On Tue, 2012-06-12 at 12:32 -0700, M. Edward (Ed) Borasky wrote:
I think this all started when a release was so late that the community decided to shift from a six-month cycle to an eight-month cycle. We moved the goalposts. Now we're on an eight-month cycle and are about to move the goalposts again.
Discussion of moving goalposts may be warranted, but I'll leave that for the List to discuss it. For me, I'm only attempting to re-define the definition of support here. Because support says "18-months" it clearly puts us out of sync with any delays or changes in the release-goalpost. By removing "18-months" and replacing it with "2 months+", we simply create a very flexible scenario that automatically reacts to actual releases. Regardless of whether we go six months, 8 months, or 50 years, support of N-2 will always be 2 months+. I think this is the safest approach and will eliminate any support discussions similarly if future releases get delayed again. The only potential future discussions would be if someone wanted to propose changing "2 months" to some other number of months/years. But that's an entirely different discussion that involves not only ideal support cycles, but also whether resources exist to support it. Bryen
The unfortunate fact of software project management is that stuff happens. openSUSE took some hard disk crashes recently, Fedora slipped Beefy Miracle three times for show-stopper bugs, and I'm sure Ubuntu has had some recent slips as well.

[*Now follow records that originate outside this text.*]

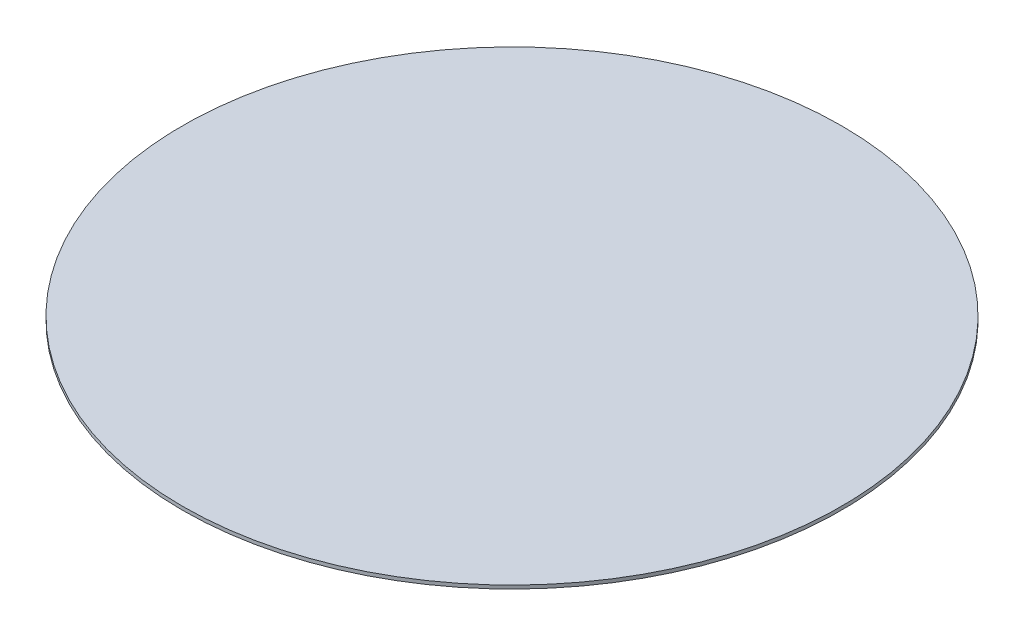
ISO-10303-21;
HEADER;
FILE_DESCRIPTION(('STEP AP214'),'2;1');
FILE_NAME('part.step','',(''),(''),'','','');
FILE_SCHEMA(('AUTOMOTIVE_DESIGN { 1 0 10303 214 1 1 1 1 }'));
ENDSEC;
DATA;
#1=APPLICATION_CONTEXT('core data for automotive mechanical design processes');
#2=APPLICATION_PROTOCOL_DEFINITION('international standard','automotive_design',2000,#1);
#3=PRODUCT_CONTEXT('',#1,'mechanical');
#4=PRODUCT('Part','Part','',(#3));
#5=PRODUCT_RELATED_PRODUCT_CATEGORY('part','',(#4));
#6=PRODUCT_DEFINITION_FORMATION('','',#4);
#7=PRODUCT_DEFINITION_CONTEXT('part definition',#1,'design');
#8=PRODUCT_DEFINITION('design','',#6,#7);
#9=PRODUCT_DEFINITION_SHAPE('','',#8);
#10=(LENGTH_UNIT() NAMED_UNIT(*) SI_UNIT(.MILLI.,.METRE.));
#11=(NAMED_UNIT(*) PLANE_ANGLE_UNIT() SI_UNIT($,.RADIAN.));
#12=(NAMED_UNIT(*) SI_UNIT($,.STERADIAN.) SOLID_ANGLE_UNIT());
#13=UNCERTAINTY_MEASURE_WITH_UNIT(LENGTH_MEASURE(1.E-05),#10,'distance_accuracy_value','');
#14=(GEOMETRIC_REPRESENTATION_CONTEXT(3) GLOBAL_UNCERTAINTY_ASSIGNED_CONTEXT((#13)) GLOBAL_UNIT_ASSIGNED_CONTEXT((#10,
#11,#12)) REPRESENTATION_CONTEXT('',''));
#15=CARTESIAN_POINT('',(0.,0.,0.));
#16=DIRECTION('',(0.,0.,1.));
#17=DIRECTION('',(1.,0.,0.));
#18=AXIS2_PLACEMENT_3D('',#15,#16,#17);
#19=CARTESIAN_POINT('',(0.,0.1,0.));
#20=DIRECTION('',(0.,-1.,0.));
#21=DIRECTION('',(0.,0.,-1.));
#22=AXIS2_PLACEMENT_3D('',#19,#20,#21);
#23=CYLINDRICAL_SURFACE('',#22,9.5);
#24=CARTESIAN_POINT('',(0.,0.1,0.));
#25=DIRECTION('',(0.,1.,0.));
#26=DIRECTION('',(0.,0.,1.));
#27=AXIS2_PLACEMENT_3D('',#24,#25,#26);
#28=CIRCLE('',#27,9.5);
#29=CARTESIAN_POINT('',(0.,0.1,9.5));
#30=VERTEX_POINT('',#29);
#31=EDGE_CURVE('E10',#30,#30,#28,.T.);
#32=ORIENTED_EDGE('',*,*,#31,.F.);
#33=EDGE_LOOP('',(#32));
#34=FACE_BOUND('',#33,.T.);
#35=CARTESIAN_POINT('',(0.,0.,0.));
#36=DIRECTION('',(0.,1.,0.));
#37=DIRECTION('',(0.,0.,1.));
#38=AXIS2_PLACEMENT_3D('',#35,#36,#37);
#39=CIRCLE('',#38,9.5);
#40=CARTESIAN_POINT('',(0.,0.,9.5));
#41=VERTEX_POINT('',#40);
#42=EDGE_CURVE('E34',#41,#41,#39,.T.);
#43=ORIENTED_EDGE('',*,*,#42,.T.);
#44=EDGE_LOOP('',(#43));
#45=FACE_BOUND('',#44,.T.);
#46=ADVANCED_FACE('F31',(#34,#45),#23,.T.);
#47=CARTESIAN_POINT('',(0.,0.1,0.));
#48=DIRECTION('',(0.,1.,0.));
#49=DIRECTION('',(0.,0.,1.));
#50=AXIS2_PLACEMENT_3D('',#47,#48,#49);
#51=PLANE('',#50);
#52=ORIENTED_EDGE('',*,*,#31,.T.);
#53=EDGE_LOOP('',(#52));
#54=FACE_BOUND('',#53,.T.);
#55=ADVANCED_FACE('F46',(#54),#51,.T.);
#56=CARTESIAN_POINT('',(0.,0.,0.));
#57=DIRECTION('',(0.,1.,0.));
#58=DIRECTION('',(0.,0.,1.));
#59=AXIS2_PLACEMENT_3D('',#56,#57,#58);
#60=PLANE('',#59);
#61=ORIENTED_EDGE('',*,*,#42,.F.);
#62=EDGE_LOOP('',(#61));
#63=FACE_BOUND('',#62,.T.);
#64=ADVANCED_FACE('F44',(#63),#60,.F.);
#65=CLOSED_SHELL('',(#46,#55,#64));
#66=MANIFOLD_SOLID_BREP('B2',#65);
#67=ADVANCED_BREP_SHAPE_REPRESENTATION('',(#18,#66),#14);
#68=SHAPE_DEFINITION_REPRESENTATION(#9,#67);
ENDSEC;
END-ISO-10303-21;
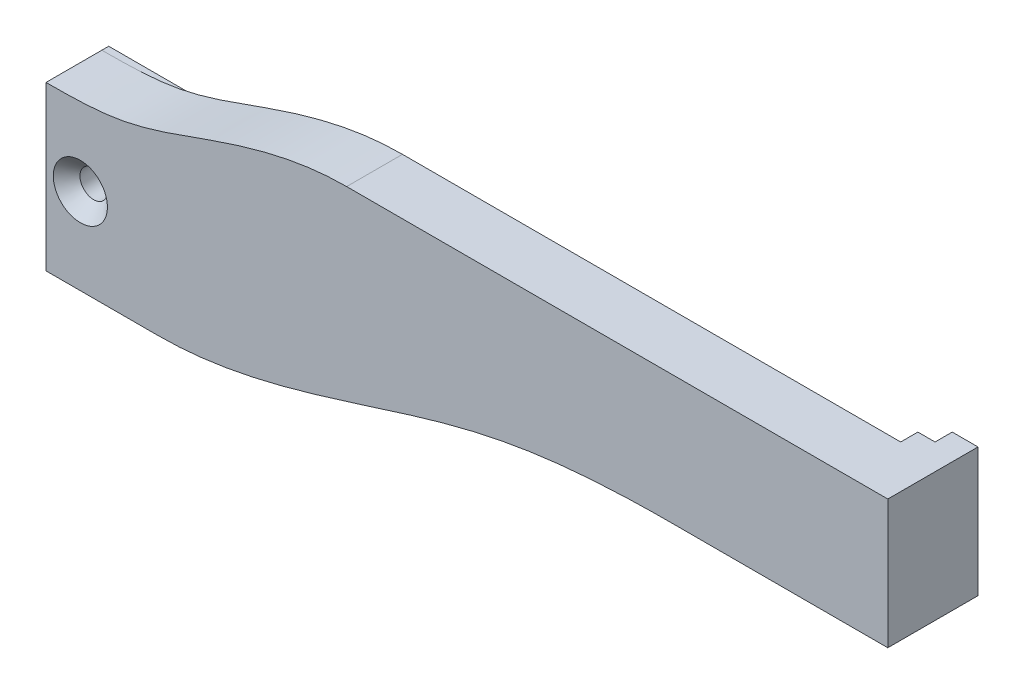
ISO-10303-21;
HEADER;
FILE_DESCRIPTION(('STEP AP214'),'2;1');
FILE_NAME('part.step','',(''),(''),'','','');
FILE_SCHEMA(('AUTOMOTIVE_DESIGN { 1 0 10303 214 1 1 1 1 }'));
ENDSEC;
DATA;
#1=APPLICATION_CONTEXT('core data for automotive mechanical design processes');
#2=APPLICATION_PROTOCOL_DEFINITION('international standard','automotive_design',2000,#1);
#3=PRODUCT_CONTEXT('',#1,'mechanical');
#4=PRODUCT('Part','Part','',(#3));
#5=PRODUCT_RELATED_PRODUCT_CATEGORY('part','',(#4));
#6=PRODUCT_DEFINITION_FORMATION('','',#4);
#7=PRODUCT_DEFINITION_CONTEXT('part definition',#1,'design');
#8=PRODUCT_DEFINITION('design','',#6,#7);
#9=PRODUCT_DEFINITION_SHAPE('','',#8);
#10=(LENGTH_UNIT() NAMED_UNIT(*) SI_UNIT(.MILLI.,.METRE.));
#11=(NAMED_UNIT(*) PLANE_ANGLE_UNIT() SI_UNIT($,.RADIAN.));
#12=(NAMED_UNIT(*) SI_UNIT($,.STERADIAN.) SOLID_ANGLE_UNIT());
#13=UNCERTAINTY_MEASURE_WITH_UNIT(LENGTH_MEASURE(1.E-05),#10,'distance_accuracy_value','');
#14=(GEOMETRIC_REPRESENTATION_CONTEXT(3) GLOBAL_UNCERTAINTY_ASSIGNED_CONTEXT((#13)) GLOBAL_UNIT_ASSIGNED_CONTEXT((#10,
#11,#12)) REPRESENTATION_CONTEXT('',''));
#15=CARTESIAN_POINT('',(0.,0.,0.));
#16=DIRECTION('',(0.,0.,1.));
#17=DIRECTION('',(1.,0.,0.));
#18=AXIS2_PLACEMENT_3D('',#15,#16,#17);
#19=CARTESIAN_POINT('',(0.,0.,0.));
#20=DIRECTION('',(0.,0.,-1.));
#21=DIRECTION('',(-1.,0.,0.));
#22=AXIS2_PLACEMENT_3D('',#19,#20,#21);
#23=PLANE('',#22);
#24=CARTESIAN_POINT('',(-49.7226680854989,56.4584902718559,0.));
#25=DIRECTION('',(0.,0.,-1.));
#26=DIRECTION('',(-1.,0.,0.));
#27=AXIS2_PLACEMENT_3D('',#24,#25,#26);
#28=CIRCLE('',#27,1.59999999999999);
#29=CARTESIAN_POINT('',(-51.3226680854989,56.4584902718559,0.));
#30=VERTEX_POINT('',#29);
#31=EDGE_CURVE('E40',#30,#30,#28,.T.);
#32=ORIENTED_EDGE('',*,*,#31,.F.);
#33=EDGE_LOOP('',(#32));
#34=FACE_BOUND('',#33,.T.);
#35=CARTESIAN_POINT('',(-44.1226680854821,62.0584902718545,0.));
#36=DIRECTION('',(0.,0.,1.));
#37=DIRECTION('',(-1.,0.,0.));
#38=AXIS2_PLACEMENT_3D('',#35,#36,#37);
#39=CIRCLE('',#38,0.899999999999998);
#40=CARTESIAN_POINT('',(-43.2226680854821,62.0584902718545,0.));
#41=VERTEX_POINT('',#40);
#42=CARTESIAN_POINT('',(-44.1226680854821,62.9584902718545,0.));
#43=VERTEX_POINT('',#42);
#44=EDGE_CURVE('E246',#41,#43,#39,.T.);
#45=ORIENTED_EDGE('',*,*,#44,.F.);
#46=DIRECTION('',(0.,1.,0.));
#47=VECTOR('',#46,1.);
#48=CARTESIAN_POINT('',(-43.2226680854821,62.0584902718545,0.));
#49=LINE('',#48,#47);
#50=CARTESIAN_POINT('',(-43.2226680854821,46.4584902718545,0.));
#51=VERTEX_POINT('',#50);
#52=EDGE_CURVE('E224',#51,#41,#49,.T.);
#53=ORIENTED_EDGE('',*,*,#52,.F.);
#54=DIRECTION('',(1.,0.,0.));
#55=VECTOR('',#54,1.);
#56=CARTESIAN_POINT('',(-53.7226680854821,46.4584902718545,0.));
#57=LINE('',#56,#55);
#58=CARTESIAN_POINT('',(-53.7226680854821,46.4584902718545,0.));
#59=VERTEX_POINT('',#58);
#60=EDGE_CURVE('E358',#59,#51,#57,.T.);
#61=ORIENTED_EDGE('',*,*,#60,.F.);
#62=DIRECTION('',(0.,-1.,0.));
#63=VECTOR('',#62,1.);
#64=CARTESIAN_POINT('',(-53.7226680854821,46.4584902718545,0.));
#65=LINE('',#64,#63);
#66=CARTESIAN_POINT('',(-53.7226680854821,62.9584902718545,0.));
#67=VERTEX_POINT('',#66);
#68=EDGE_CURVE('E345',#67,#59,#65,.T.);
#69=ORIENTED_EDGE('',*,*,#68,.F.);
#70=DIRECTION('',(-1.,0.,0.));
#71=VECTOR('',#70,1.);
#72=CARTESIAN_POINT('',(-53.7226680854821,62.9584902718545,0.));
#73=LINE('',#72,#71);
#74=EDGE_CURVE('E248',#43,#67,#73,.T.);
#75=ORIENTED_EDGE('',*,*,#74,.F.);
#76=EDGE_LOOP('',(#45,#53,#61,#69,#75));
#77=FACE_BOUND('',#76,.T.);
#78=ADVANCED_FACE('F35',(#34,#77),#23,.T.);
#79=CARTESIAN_POINT('',(-19.6476680854999,68.8834902718559,0.));
#80=DIRECTION('',(0.,0.,-1.));
#81=DIRECTION('',(-1.,0.,0.));
#82=AXIS2_PLACEMENT_3D('',#79,#80,#81);
#83=CIRCLE('',#82,2.);
#84=CARTESIAN_POINT('',(-21.6476680854999,68.8834902718559,0.));
#85=VERTEX_POINT('',#84);
#86=EDGE_CURVE('E526',#85,#85,#83,.T.);
#87=ORIENTED_EDGE('',*,*,#86,.F.);
#88=EDGE_LOOP('',(#87));
#89=FACE_BOUND('',#88,.T.);
#90=DIRECTION('',(0.707106781186547,-0.707106781186547,0.));
#91=VECTOR('',#90,1.);
#92=CARTESIAN_POINT('',(-40.7226680854821,64.9584902718545,0.));
#93=LINE('',#92,#91);
#94=CARTESIAN_POINT('',(-41.2226680854821,65.4584902718545,0.));
#95=VERTEX_POINT('',#94);
#96=CARTESIAN_POINT('',(-40.7226680854821,64.9584902718545,0.));
#97=VERTEX_POINT('',#96);
#98=EDGE_CURVE('E252',#95,#97,#93,.T.);
#99=ORIENTED_EDGE('',*,*,#98,.F.);
#100=DIRECTION('',(1.,0.,0.));
#101=VECTOR('',#100,1.);
#102=CARTESIAN_POINT('',(-41.2226680854821,65.4584902718545,0.));
#103=LINE('',#102,#101);
#104=CARTESIAN_POINT('',(-53.7226680854821,65.4584902718545,0.));
#105=VERTEX_POINT('',#104);
#106=EDGE_CURVE('E250',#105,#95,#103,.T.);
#107=ORIENTED_EDGE('',*,*,#106,.F.);
#108=CARTESIAN_POINT('',(-18.7226680854821,72.4584902718545,0.));
#109=CARTESIAN_POINT('',(-24.2377853639958,72.4584902718545,0.));
#110=CARTESIAN_POINT('',(-33.0451653637559,69.9964648024946,0.));
#111=CARTESIAN_POINT('',(-44.1783998760169,65.5488965573523,0.));
#112=CARTESIAN_POINT('',(-50.961091510957,65.4584902718545,0.));
#113=CARTESIAN_POINT('',(-53.7226680854821,65.4584902718545,0.));
#114=B_SPLINE_CURVE_WITH_KNOTS('',3,(#108,#109,#110,#111,#112,#113),.UNSPECIFIED.,.F.,.F.,(4,1,
1,4),(0.,0.451492406228631,0.761184280868583,1.),.UNSPECIFIED.);
#115=CARTESIAN_POINT('',(-18.7226680854821,72.4584902718545,0.));
#116=VERTEX_POINT('',#115);
#117=EDGE_CURVE('E367',#116,#105,#114,.T.);
#118=ORIENTED_EDGE('',*,*,#117,.F.);
#119=DIRECTION('',(-1.,0.,0.));
#120=VECTOR('',#119,1.);
#121=CARTESIAN_POINT('',(-53.7226680854821,72.4584902718545,0.));
#122=LINE('',#121,#120);
#123=CARTESIAN_POINT('',(39.2773319145179,72.4584902718545,0.));
#124=VERTEX_POINT('',#123);
#125=EDGE_CURVE('E349',#124,#116,#122,.T.);
#126=ORIENTED_EDGE('',*,*,#125,.F.);
#127=DIRECTION('',(0.,1.,0.));
#128=VECTOR('',#127,1.);
#129=CARTESIAN_POINT('',(39.2773319145179,70.4584902718545,0.));
#130=LINE('',#129,#128);
#131=CARTESIAN_POINT('',(39.2773319145179,70.4584902718545,0.));
#132=VERTEX_POINT('',#131);
#133=EDGE_CURVE('E333',#132,#124,#130,.T.);
#134=ORIENTED_EDGE('',*,*,#133,.F.);
#135=DIRECTION('',(-1.,0.,0.));
#136=VECTOR('',#135,1.);
#137=CARTESIAN_POINT('',(42.2773319145179,70.4584902718545,0.));
#138=LINE('',#137,#136);
#139=CARTESIAN_POINT('',(42.2773319145179,70.4584902718545,0.));
#140=VERTEX_POINT('',#139);
#141=EDGE_CURVE('E330',#140,#132,#138,.T.);
#142=ORIENTED_EDGE('',*,*,#141,.F.);
#143=DIRECTION('',(0.,1.,0.));
#144=VECTOR('',#143,1.);
#145=CARTESIAN_POINT('',(42.2773319145179,57.4584902718545,0.));
#146=LINE('',#145,#144);
#147=CARTESIAN_POINT('',(42.2773319145179,57.4584902718545,0.));
#148=VERTEX_POINT('',#147);
#149=EDGE_CURVE('E320',#148,#140,#146,.T.);
#150=ORIENTED_EDGE('',*,*,#149,.F.);
#151=DIRECTION('',(1.,0.,0.));
#152=VECTOR('',#151,1.);
#153=CARTESIAN_POINT('',(0.,57.4584902718545,0.));
#154=LINE('',#153,#152);
#155=CARTESIAN_POINT('',(19.2773319145179,57.4584902718545,0.));
#156=VERTEX_POINT('',#155);
#157=EDGE_CURVE('E317',#156,#148,#154,.T.);
#158=ORIENTED_EDGE('',*,*,#157,.F.);
#159=CARTESIAN_POINT('',(-40.7226680854821,46.4584902718545,0.));
#160=CARTESIAN_POINT('',(-29.5295788319542,46.4584902718546,0.));
#161=CARTESIAN_POINT('',(-8.90412174148208,55.1540178434076,0.));
#162=CARTESIAN_POINT('',(7.83294299235179,57.4584902718545,0.));
#163=CARTESIAN_POINT('',(19.2773319145179,57.4584902718545,0.));
#164=B_SPLINE_CURVE_WITH_KNOTS('',3,(#159,#160,#161,#162,#163),.UNSPECIFIED.,.F.,.F.,(4,1,4),
(0.,0.551294404892798,1.),.UNSPECIFIED.);
#165=CARTESIAN_POINT('',(-40.7226680854821,46.4584902718545,0.));
#166=VERTEX_POINT('',#165);
#167=EDGE_CURVE('E372',#166,#156,#164,.T.);
#168=ORIENTED_EDGE('',*,*,#167,.F.);
#169=DIRECTION('',(0.,-1.,0.));
#170=VECTOR('',#169,1.);
#171=CARTESIAN_POINT('',(-40.7226680854821,46.4584902718545,0.));
#172=LINE('',#171,#170);
#173=EDGE_CURVE('E229',#97,#166,#172,.T.);
#174=ORIENTED_EDGE('',*,*,#173,.F.);
#175=EDGE_LOOP('',(#99,#107,#118,#126,#134,#142,#150,#158,#168,#174));
#176=FACE_BOUND('',#175,.T.);
#177=ADVANCED_FACE('F413',(#89,#176),#23,.T.);
#178=CARTESIAN_POINT('',(-53.7226680854821,46.4584902718545,6.5));
#179=DIRECTION('',(0.,1.,0.));
#180=DIRECTION('',(0.,0.,1.));
#181=AXIS2_PLACEMENT_3D('',#178,#179,#180);
#182=PLANE('',#181);
#183=DIRECTION('',(0.,0.,-1.));
#184=VECTOR('',#183,1.);
#185=CARTESIAN_POINT('',(-40.7226680854821,46.4584902718545,6.5));
#186=LINE('',#185,#184);
#187=CARTESIAN_POINT('',(-40.7226680854821,46.4584902718545,6.5));
#188=VERTEX_POINT('',#187);
#189=EDGE_CURVE('E310',#188,#166,#186,.T.);
#190=ORIENTED_EDGE('',*,*,#189,.F.);
#191=DIRECTION('',(1.,0.,0.));
#192=VECTOR('',#191,1.);
#193=CARTESIAN_POINT('',(-53.7226680854821,46.4584902718545,6.5));
#194=LINE('',#193,#192);
#195=CARTESIAN_POINT('',(-53.7226680854821,46.4584902718545,6.5));
#196=VERTEX_POINT('',#195);
#197=EDGE_CURVE('E348',#196,#188,#194,.T.);
#198=ORIENTED_EDGE('',*,*,#197,.F.);
#199=DIRECTION('',(0.,0.,-1.));
#200=VECTOR('',#199,1.);
#201=CARTESIAN_POINT('',(-53.7226680854821,46.4584902718545,6.5));
#202=LINE('',#201,#200);
#203=EDGE_CURVE('E364',#196,#59,#202,.T.);
#204=ORIENTED_EDGE('',*,*,#203,.T.);
#205=ORIENTED_EDGE('',*,*,#60,.T.);
#206=DIRECTION('',(0.,0.,1.));
#207=VECTOR('',#206,1.);
#208=CARTESIAN_POINT('',(-43.2226680854821,46.4584902718545,-0.8));
#209=LINE('',#208,#207);
#210=CARTESIAN_POINT('',(-43.2226680854821,46.4584902718545,-0.8));
#211=VERTEX_POINT('',#210);
#212=EDGE_CURVE('E243',#211,#51,#209,.T.);
#213=ORIENTED_EDGE('',*,*,#212,.F.);
#214=DIRECTION('',(-1.,0.,0.));
#215=VECTOR('',#214,1.);
#216=CARTESIAN_POINT('',(-43.2226680854821,46.4584902718545,-0.8));
#217=LINE('',#216,#215);
#218=CARTESIAN_POINT('',(-40.7226680854821,46.4584902718545,-0.8));
#219=VERTEX_POINT('',#218);
#220=EDGE_CURVE('E241',#219,#211,#217,.T.);
#221=ORIENTED_EDGE('',*,*,#220,.F.);
#222=DIRECTION('',(0.,0.,1.));
#223=VECTOR('',#222,1.);
#224=CARTESIAN_POINT('',(-40.7226680854821,46.4584902718545,-0.8));
#225=LINE('',#224,#223);
#226=EDGE_CURVE('E257',#219,#166,#225,.T.);
#227=ORIENTED_EDGE('',*,*,#226,.T.);
#228=EDGE_LOOP('',(#190,#198,#204,#205,#213,#221,#227));
#229=FACE_BOUND('',#228,.T.);
#230=ADVANCED_FACE('F435',(#229),#182,.F.);
#231=CARTESIAN_POINT('',(-53.7226680854821,72.4584902718545,6.5));
#232=DIRECTION('',(0.,-1.,0.));
#233=DIRECTION('',(0.,0.,-1.));
#234=AXIS2_PLACEMENT_3D('',#231,#232,#233);
#235=PLANE('',#234);
#236=DIRECTION('',(0.,0.,-1.));
#237=VECTOR('',#236,1.);
#238=CARTESIAN_POINT('',(-18.7226680854821,72.4584902718545,6.5));
#239=LINE('',#238,#237);
#240=CARTESIAN_POINT('',(-18.7226680854821,72.4584902718545,6.5));
#241=VERTEX_POINT('',#240);
#242=EDGE_CURVE('E283',#241,#116,#239,.T.);
#243=ORIENTED_EDGE('',*,*,#242,.F.);
#244=DIRECTION('',(-1.,0.,0.));
#245=VECTOR('',#244,1.);
#246=CARTESIAN_POINT('',(-53.7226680854821,72.4584902718545,6.5));
#247=LINE('',#246,#245);
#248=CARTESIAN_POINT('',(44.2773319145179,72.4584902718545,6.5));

Now that we have Tumbleweed, we could presumably do what Debian/Mint and Gentoo do - ship a "stable" release when everything is stable, provide bug fixes and security updates against stable in "Updates" and provide new features in Tumbleweed. "Factory" would be the equivalent of Debian "testing" and OBS the equivalent of "sid".
Or we could go back to six-month release cycles, tighten our discipline up to work within that and take occasional slips for show-stopper bugs like Beefy Miracle did. As a user I don't have a strong preference - I run things out of OBS and even a few developers' home repositories. My openSUSE partitions typically use over a dozen repositories. When I need stability there's Windows 7 on my laptop. ;-) But I think we do have to do one or the other - ship stable only when we have stable or bite the bullet and go back to a six-month cycle like Fedora and Ubuntu.